In the MNI pipeline, the native images were normalized to a standardized stereotaxic space using a linear transformation and corrected for intensity nonuniformity [25], [26]. Images were, then, classified into white matter, gray matter, cerebrospinal fluid, and background using an advanced neural net classifier [27]. The hemispherical surfaces of the gray/white matter boundary and gray matter/cerebrospinal fluid boundary) were automatically extracted, consisting of 40,962 vertices [19], [20].

The FS pipeline includes removal of non-brain tissue [28], stereotaxic space transformation, tissue segmentation, intensity normalization [25], tessellation of the gray/white matter boundary, automated topology correction [29], [30], and surface deformation following intensity gradients to optimally place the gray/white matter and gray matter/cerebrospinal fluid boundaries [21].

Extraction of sulcal pits on the cortical surface

A sulcal pit is the deepest local point in a sulcal catchment basin, and can be identified by using a sulcal depth map on the cortical surface. We used the white matter surface (gray/white matter boundary) and the 3D Euclidean depth map to extract sulcal pits [2], [9]. The 3D Euclidean sulcal depth maps were generated by measuring the Euclidean distance from each vertex in the cortical surface to the nearest voxel on the cerebral hull [2], [31]. We used a watershed algorithm based on a depth map to extract sulcal pits on triangular meshes. To prevent overextraction of the pits, we first reduced noisy depth variations by surface-based heat kernel smoothing with a full-width half-maximum value of 10 mm [32]. Subsequently we performed segment merging in the watershed algorithm using the area of the catchment basin, the distance between the sulcal pits, and the ridge height. If one of the areas of two or more catchment basins was smaller than a threshold (30 mm2) when they met at a ridge point, the smaller catchment basin below the threshold was merged into the adjacent catchment basin with the deepest pit and its sulcal pit removed. If the distance between two pits was less than a 15 mm threshold, the shallower pit was also merged into the deeper one. Finally, merging was executed when the ridge was lower than a threshold of 2.5 mm. The methodological procedure was explained in more detail in our previous study [2].

Intra-subject cortical surface alignment

Surface vertex correspondence must be built to compare the results of sulcal pit extraction. In the MNI and FS pipelines, corresponding regions between subjects are determined using their own surface-based registration methods with a sphere-to-sphere matching in which the vertices of each subject are nonlinearly registered to a template surface [33], [34], [35]. However, our reliability test needs not inter- but intra-subject comparison. The nonlinear registration between surfaces of the same subject could give rise to extra noise in the correspondence definition.
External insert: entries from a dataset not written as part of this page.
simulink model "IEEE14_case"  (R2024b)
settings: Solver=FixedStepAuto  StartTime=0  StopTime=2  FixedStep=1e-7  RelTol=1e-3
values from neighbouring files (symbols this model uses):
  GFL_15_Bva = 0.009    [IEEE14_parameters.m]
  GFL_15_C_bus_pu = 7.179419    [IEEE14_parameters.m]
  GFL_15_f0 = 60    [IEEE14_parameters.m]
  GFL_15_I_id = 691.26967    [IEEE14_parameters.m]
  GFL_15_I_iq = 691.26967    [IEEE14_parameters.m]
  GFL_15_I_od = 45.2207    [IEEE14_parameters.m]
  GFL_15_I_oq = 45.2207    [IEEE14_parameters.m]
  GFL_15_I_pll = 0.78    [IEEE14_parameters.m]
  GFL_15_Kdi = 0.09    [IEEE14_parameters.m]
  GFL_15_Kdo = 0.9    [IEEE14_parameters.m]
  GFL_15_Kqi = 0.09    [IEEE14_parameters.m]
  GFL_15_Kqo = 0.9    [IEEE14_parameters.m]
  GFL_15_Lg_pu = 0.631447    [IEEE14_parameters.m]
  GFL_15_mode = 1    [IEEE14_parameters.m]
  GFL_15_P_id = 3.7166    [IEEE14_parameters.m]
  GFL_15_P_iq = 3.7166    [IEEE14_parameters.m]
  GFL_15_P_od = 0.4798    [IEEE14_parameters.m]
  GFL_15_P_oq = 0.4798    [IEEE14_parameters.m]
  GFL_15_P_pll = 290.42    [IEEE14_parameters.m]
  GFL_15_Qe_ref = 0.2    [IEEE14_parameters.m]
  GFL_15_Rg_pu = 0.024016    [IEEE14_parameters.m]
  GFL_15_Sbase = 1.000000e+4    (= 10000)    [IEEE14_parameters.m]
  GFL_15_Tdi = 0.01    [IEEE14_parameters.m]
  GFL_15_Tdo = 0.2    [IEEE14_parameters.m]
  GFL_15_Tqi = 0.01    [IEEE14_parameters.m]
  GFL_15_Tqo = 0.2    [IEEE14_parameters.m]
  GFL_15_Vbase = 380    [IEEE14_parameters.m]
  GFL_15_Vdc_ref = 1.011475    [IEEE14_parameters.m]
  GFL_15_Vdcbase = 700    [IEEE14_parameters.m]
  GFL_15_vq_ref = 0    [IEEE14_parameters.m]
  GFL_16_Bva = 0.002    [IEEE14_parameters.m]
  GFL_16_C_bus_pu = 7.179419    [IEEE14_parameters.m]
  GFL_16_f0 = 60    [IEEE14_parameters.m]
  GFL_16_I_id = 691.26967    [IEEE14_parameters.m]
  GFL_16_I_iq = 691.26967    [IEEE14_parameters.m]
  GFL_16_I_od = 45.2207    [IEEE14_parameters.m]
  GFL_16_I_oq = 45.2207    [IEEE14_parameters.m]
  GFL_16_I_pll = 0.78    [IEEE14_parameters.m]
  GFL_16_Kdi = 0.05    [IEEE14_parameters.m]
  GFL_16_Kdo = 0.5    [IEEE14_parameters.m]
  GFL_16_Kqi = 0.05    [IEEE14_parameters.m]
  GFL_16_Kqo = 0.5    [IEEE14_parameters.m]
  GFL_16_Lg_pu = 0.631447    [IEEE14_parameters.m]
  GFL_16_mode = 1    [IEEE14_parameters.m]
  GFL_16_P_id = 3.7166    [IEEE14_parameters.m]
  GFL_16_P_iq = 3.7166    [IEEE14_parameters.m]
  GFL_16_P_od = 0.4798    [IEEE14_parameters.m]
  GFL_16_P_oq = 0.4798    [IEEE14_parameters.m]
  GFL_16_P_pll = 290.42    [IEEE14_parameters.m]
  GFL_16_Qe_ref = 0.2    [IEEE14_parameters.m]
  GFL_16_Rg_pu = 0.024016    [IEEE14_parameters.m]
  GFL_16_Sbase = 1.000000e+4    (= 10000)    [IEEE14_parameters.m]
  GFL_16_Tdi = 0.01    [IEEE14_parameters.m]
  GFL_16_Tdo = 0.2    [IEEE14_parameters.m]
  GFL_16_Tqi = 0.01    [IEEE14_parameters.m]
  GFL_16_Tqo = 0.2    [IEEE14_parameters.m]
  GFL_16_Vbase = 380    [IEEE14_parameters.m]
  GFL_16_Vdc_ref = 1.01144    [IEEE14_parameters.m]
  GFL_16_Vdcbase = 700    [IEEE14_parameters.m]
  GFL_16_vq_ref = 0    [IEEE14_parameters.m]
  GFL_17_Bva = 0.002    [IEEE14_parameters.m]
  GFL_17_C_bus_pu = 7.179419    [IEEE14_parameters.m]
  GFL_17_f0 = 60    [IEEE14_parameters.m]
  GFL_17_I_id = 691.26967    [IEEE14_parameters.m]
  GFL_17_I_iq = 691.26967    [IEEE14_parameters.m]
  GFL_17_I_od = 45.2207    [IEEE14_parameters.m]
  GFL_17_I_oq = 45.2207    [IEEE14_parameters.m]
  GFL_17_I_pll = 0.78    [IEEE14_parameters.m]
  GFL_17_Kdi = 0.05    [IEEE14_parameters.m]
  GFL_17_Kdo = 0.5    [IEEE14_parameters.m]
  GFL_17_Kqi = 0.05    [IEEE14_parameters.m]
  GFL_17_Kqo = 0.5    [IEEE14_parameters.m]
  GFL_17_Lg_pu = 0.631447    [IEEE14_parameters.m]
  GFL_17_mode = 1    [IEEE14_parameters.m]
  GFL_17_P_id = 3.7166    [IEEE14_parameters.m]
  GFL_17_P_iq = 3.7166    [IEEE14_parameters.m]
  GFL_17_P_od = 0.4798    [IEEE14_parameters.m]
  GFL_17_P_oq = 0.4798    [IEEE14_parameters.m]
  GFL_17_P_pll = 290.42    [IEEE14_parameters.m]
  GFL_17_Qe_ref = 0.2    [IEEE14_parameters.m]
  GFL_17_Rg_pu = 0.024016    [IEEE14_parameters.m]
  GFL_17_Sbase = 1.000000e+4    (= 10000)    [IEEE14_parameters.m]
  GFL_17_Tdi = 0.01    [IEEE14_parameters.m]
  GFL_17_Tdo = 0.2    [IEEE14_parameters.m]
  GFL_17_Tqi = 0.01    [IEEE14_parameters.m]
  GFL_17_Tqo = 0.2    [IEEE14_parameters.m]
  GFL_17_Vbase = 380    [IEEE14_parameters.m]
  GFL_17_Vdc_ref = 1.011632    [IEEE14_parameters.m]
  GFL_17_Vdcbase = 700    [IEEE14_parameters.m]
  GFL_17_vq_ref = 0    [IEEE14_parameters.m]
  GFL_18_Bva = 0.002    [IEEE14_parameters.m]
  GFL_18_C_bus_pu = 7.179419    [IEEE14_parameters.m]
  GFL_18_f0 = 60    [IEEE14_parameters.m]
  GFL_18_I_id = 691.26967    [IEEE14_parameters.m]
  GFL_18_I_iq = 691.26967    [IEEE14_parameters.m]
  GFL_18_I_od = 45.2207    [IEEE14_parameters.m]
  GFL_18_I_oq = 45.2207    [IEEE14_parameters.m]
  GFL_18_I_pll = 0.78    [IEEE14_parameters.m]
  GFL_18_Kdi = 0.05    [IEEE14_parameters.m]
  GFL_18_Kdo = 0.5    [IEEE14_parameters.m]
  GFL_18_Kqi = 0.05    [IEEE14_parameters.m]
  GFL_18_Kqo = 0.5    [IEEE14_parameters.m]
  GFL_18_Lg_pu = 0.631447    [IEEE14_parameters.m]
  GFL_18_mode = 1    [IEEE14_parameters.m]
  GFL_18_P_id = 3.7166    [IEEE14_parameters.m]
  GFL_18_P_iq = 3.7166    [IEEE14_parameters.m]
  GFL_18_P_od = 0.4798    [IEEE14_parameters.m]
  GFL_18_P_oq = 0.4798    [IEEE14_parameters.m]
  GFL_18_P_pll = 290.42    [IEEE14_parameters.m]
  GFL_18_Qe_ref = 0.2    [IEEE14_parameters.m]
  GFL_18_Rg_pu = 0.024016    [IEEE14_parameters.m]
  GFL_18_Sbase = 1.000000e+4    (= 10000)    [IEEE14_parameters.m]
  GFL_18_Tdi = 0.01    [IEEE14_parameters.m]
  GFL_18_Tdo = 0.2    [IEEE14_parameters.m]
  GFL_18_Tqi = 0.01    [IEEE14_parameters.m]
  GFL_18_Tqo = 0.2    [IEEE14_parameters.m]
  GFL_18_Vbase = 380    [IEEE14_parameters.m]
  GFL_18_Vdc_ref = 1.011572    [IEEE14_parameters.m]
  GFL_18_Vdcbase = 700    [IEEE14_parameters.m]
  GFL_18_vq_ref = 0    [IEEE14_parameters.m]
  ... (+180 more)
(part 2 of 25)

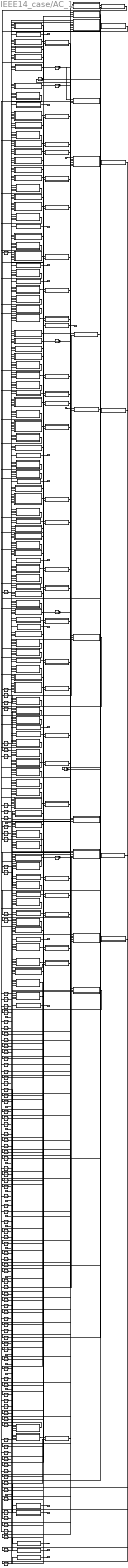
== system IEEE14_case/AC_1 ==
  id_SG_D_1 : Inport
  iq_SG_D_1 : Inport  Port=2
  id_SG_D_2 : Inport  Port=3
  iq_SG_D_2 : Inport  Port=4
  id_SG_D_3 : Inport  Port=5
  iq_SG_D_3 : Inport  Port=6
  id_SG_D_6 : Inport  Port=7
  iq_SG_D_6 : Inport  Port=8
  id_SG_D_8 : Inport  Port=9
  iq_SG_D_8 : Inport  Port=10
  id_GFL_15 : Inport  Port=11
  iq_GFL_15 : Inport  Port=12
  id_GFL_16 : Inport  Port=13
  iq_GFL_16 : Inport  Port=14
  id_GFL_17 : Inport  Port=15
  iq_GFL_17 : Inport  Port=16
  id_GFL_18 : Inport  Port=17
  iq_GFL_18 : Inport  Port=18
  d_id_line_10_11_block : Subsystem
  d_id_line_11_15_block : Subsystem
  d_id_line_12_13_block : Subsystem
  d_id_line_12_16_block : Subsystem
  d_id_line_13_14_block : Subsystem
  d_id_line_13_17_block : Subsystem
  d_id_line_14_18_block : Subsystem
  d_id_line_1_2_block : Subsystem
  d_id_line_1_5_block : Subsystem
  d_id_line_2_3_block : Subsystem
  d_id_line_2_4_block : Subsystem
  d_id_line_2_5_block : Subsystem
  d_id_line_3_4_block : Subsystem
  d_id_line_4_5_block : Subsystem
  d_id_line_4_7_block : Subsystem
  d_id_line_4_9_block : Subsystem
  d_id_line_5_6_block : Subsystem
  d_id_line_6_11_block : Subsystem
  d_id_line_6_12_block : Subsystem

In addition, when using any specific surface registration algorithm, its performance and accuracy could be biased by different mesh properties of the MNI and FS surfaces. Instead, we adopted a volume linear registration to perform the intra-subject surface alignment [15]. We randomly chose 1 reference target volume for each subject and the other 3 or 2 volumes were registered to the target volume using the MNI linear registration tool with 6 parameters. The transformation matrix of the registration was then applied to the corresponding surface. Finally, 8 or 6 surfaces from each individual subject (MNI and FS surfaces from 4 or 3 images) were registered to a common space. In order to check the registration result, we overlapped all surfaces to a reference volume image in the same space (Fig. 1). It is confirmed that their global position and orientation are matched and the linear registration is sufficient and robust for intra-subject surface alignment. Alignment results of 8 surfaces for the other 4 subjects are provided in supplementary data (Fig. S1). However, since the surfaces were reconstructed from different images or tools, the local shape of the gray/white matter boundary was slightly different as shown in Fig. 1. It would lead to differences in the presence and location of sulcal pits.

thumbnail
Figure 1. Example of intra-subject cortical surface alignment.

Eight white matter surfaces (4 MNI and 4 FS surfaces) are rendered (A) and they are overlapped with a reference volume image (B) after a linear registration with 6 parameters. They are aligned well into a common space, but their local shape of the gray/white matter boundary is slightly different.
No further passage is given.